By David Hellerman, World Israel News
The Islamic Ra’am party announced on Sunday it was temporarily suspending its support for the governing coalition to protest what it called police violence against Palestinians on the Temple Mount during riots on Friday morning.
The two-week suspension is widely viewed as a symbolic gesture with little practical impact.
The freeze was coordinated with Prime Minister Naftali Bennett and Foreign Minister Yair Lapid and ends well before the Knesset reconvenes in May.
According to Hebrew media reports, Ra’am wants to remain in the coalition, but is facing enormous Arab-Israeli pressure.
Party leader Mansour Abbas is said to hope that the situation will calm down by May 9 when the Knesset next meets.
The suspension was ordered by Ra’am’s Shura Council, an advisory body with the authority to order the party to quit the coalition.
On Friday morning, rioting Palestinian youths on the Temple Mount threw rocks and firecrackers at Jewish worshippers in the Western Wall plaza below, then barricaded themselves inside the Al-Aqsa Mosque.
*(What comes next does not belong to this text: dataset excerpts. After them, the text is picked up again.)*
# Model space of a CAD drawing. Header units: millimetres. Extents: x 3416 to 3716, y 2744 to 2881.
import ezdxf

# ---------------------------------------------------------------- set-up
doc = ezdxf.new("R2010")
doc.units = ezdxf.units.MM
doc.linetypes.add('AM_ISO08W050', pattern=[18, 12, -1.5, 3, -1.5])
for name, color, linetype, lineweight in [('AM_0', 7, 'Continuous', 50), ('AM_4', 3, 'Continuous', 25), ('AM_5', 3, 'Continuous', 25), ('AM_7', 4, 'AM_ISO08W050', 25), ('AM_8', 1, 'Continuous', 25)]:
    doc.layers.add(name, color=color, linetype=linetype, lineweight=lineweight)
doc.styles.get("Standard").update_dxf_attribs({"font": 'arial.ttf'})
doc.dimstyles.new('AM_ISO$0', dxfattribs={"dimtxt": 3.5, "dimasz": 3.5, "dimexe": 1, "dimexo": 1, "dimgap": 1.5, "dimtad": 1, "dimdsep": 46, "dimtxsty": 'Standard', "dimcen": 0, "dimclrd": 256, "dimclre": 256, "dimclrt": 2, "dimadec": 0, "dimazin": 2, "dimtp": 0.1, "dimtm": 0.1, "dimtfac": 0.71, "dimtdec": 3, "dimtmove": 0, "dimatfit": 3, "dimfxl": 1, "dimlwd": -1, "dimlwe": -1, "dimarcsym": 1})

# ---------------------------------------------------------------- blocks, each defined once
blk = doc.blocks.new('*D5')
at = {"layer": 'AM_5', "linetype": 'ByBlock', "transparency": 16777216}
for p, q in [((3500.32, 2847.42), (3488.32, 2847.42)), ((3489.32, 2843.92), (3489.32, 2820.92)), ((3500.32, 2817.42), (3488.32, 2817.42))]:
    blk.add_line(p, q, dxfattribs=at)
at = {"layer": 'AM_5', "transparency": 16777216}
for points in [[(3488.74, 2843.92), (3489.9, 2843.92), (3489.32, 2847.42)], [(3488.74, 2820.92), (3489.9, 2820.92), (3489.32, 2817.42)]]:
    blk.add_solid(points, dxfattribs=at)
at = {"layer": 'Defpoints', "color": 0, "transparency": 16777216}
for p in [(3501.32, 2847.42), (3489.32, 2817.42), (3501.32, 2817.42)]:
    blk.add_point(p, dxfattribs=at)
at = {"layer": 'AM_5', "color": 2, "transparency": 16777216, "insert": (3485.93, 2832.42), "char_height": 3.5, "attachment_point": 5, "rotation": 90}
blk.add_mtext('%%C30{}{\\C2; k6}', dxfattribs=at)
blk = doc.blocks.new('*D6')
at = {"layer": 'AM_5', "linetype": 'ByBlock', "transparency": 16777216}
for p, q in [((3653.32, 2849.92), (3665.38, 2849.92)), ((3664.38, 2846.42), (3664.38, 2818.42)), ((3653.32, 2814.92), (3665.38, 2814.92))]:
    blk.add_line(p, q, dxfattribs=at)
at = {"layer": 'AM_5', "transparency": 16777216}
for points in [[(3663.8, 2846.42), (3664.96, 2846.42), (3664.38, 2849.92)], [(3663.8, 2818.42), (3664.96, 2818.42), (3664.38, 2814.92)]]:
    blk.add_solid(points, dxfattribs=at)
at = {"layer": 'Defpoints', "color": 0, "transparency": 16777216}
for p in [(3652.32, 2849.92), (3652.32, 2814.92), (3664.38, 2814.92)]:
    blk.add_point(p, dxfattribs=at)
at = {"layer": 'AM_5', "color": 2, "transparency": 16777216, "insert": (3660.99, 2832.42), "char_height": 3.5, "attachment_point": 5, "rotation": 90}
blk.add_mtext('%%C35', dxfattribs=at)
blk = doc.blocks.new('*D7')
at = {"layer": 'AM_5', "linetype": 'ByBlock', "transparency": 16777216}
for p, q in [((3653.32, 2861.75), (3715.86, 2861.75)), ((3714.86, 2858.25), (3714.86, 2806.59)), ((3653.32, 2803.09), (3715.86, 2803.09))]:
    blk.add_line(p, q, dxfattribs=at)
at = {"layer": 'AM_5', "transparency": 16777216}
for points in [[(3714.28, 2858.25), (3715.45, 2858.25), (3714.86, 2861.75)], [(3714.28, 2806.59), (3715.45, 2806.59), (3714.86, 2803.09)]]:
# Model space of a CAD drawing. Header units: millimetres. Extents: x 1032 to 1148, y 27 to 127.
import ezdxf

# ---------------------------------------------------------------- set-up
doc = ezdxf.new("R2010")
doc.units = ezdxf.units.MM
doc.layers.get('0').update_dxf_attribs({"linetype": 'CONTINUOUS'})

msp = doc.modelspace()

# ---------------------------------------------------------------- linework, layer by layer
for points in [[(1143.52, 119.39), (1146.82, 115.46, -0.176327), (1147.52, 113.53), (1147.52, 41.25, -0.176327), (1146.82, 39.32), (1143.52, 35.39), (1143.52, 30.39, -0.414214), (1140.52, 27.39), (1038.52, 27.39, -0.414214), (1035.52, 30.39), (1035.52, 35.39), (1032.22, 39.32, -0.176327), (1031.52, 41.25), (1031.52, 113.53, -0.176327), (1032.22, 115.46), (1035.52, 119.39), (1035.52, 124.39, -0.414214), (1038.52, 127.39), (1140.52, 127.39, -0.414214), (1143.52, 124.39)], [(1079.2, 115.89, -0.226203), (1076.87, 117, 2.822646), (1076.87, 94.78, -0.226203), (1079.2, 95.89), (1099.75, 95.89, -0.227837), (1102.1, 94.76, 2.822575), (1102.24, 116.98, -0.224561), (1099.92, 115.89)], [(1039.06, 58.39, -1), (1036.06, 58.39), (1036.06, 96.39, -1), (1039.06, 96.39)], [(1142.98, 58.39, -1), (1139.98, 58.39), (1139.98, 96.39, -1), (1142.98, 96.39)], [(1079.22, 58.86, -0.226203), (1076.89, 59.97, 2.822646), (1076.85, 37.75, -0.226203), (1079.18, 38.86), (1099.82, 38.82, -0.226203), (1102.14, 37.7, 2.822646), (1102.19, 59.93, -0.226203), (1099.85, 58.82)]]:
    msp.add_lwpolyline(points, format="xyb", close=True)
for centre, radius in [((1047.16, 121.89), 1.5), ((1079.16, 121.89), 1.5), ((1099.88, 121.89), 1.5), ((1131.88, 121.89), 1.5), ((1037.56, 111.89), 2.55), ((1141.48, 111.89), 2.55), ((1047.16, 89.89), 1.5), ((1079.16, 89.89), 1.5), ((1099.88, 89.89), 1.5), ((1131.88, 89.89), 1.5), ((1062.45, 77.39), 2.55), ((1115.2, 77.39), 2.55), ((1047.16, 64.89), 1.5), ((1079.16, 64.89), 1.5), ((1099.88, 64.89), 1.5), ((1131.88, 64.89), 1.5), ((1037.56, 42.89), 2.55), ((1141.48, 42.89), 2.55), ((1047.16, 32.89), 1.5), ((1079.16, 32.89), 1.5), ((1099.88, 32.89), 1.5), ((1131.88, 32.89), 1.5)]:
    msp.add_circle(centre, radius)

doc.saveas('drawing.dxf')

Police at first did not enter the mosque, not wanting to disrupt Muslim prayer services. But the violence persisted. Three police officers and 152 Palestinians were injured. Another 300 Palestinians were arrested.
According to a Dutch study cited by the Jerusalem Post, “Ramadan brought with it a 200% increase in terrorist attacks in Israel between 2005 and 2016.”
The governing coalition lost its one-seat majority before Passover when Yamina MK Idit Silman quit the government to join the opposition.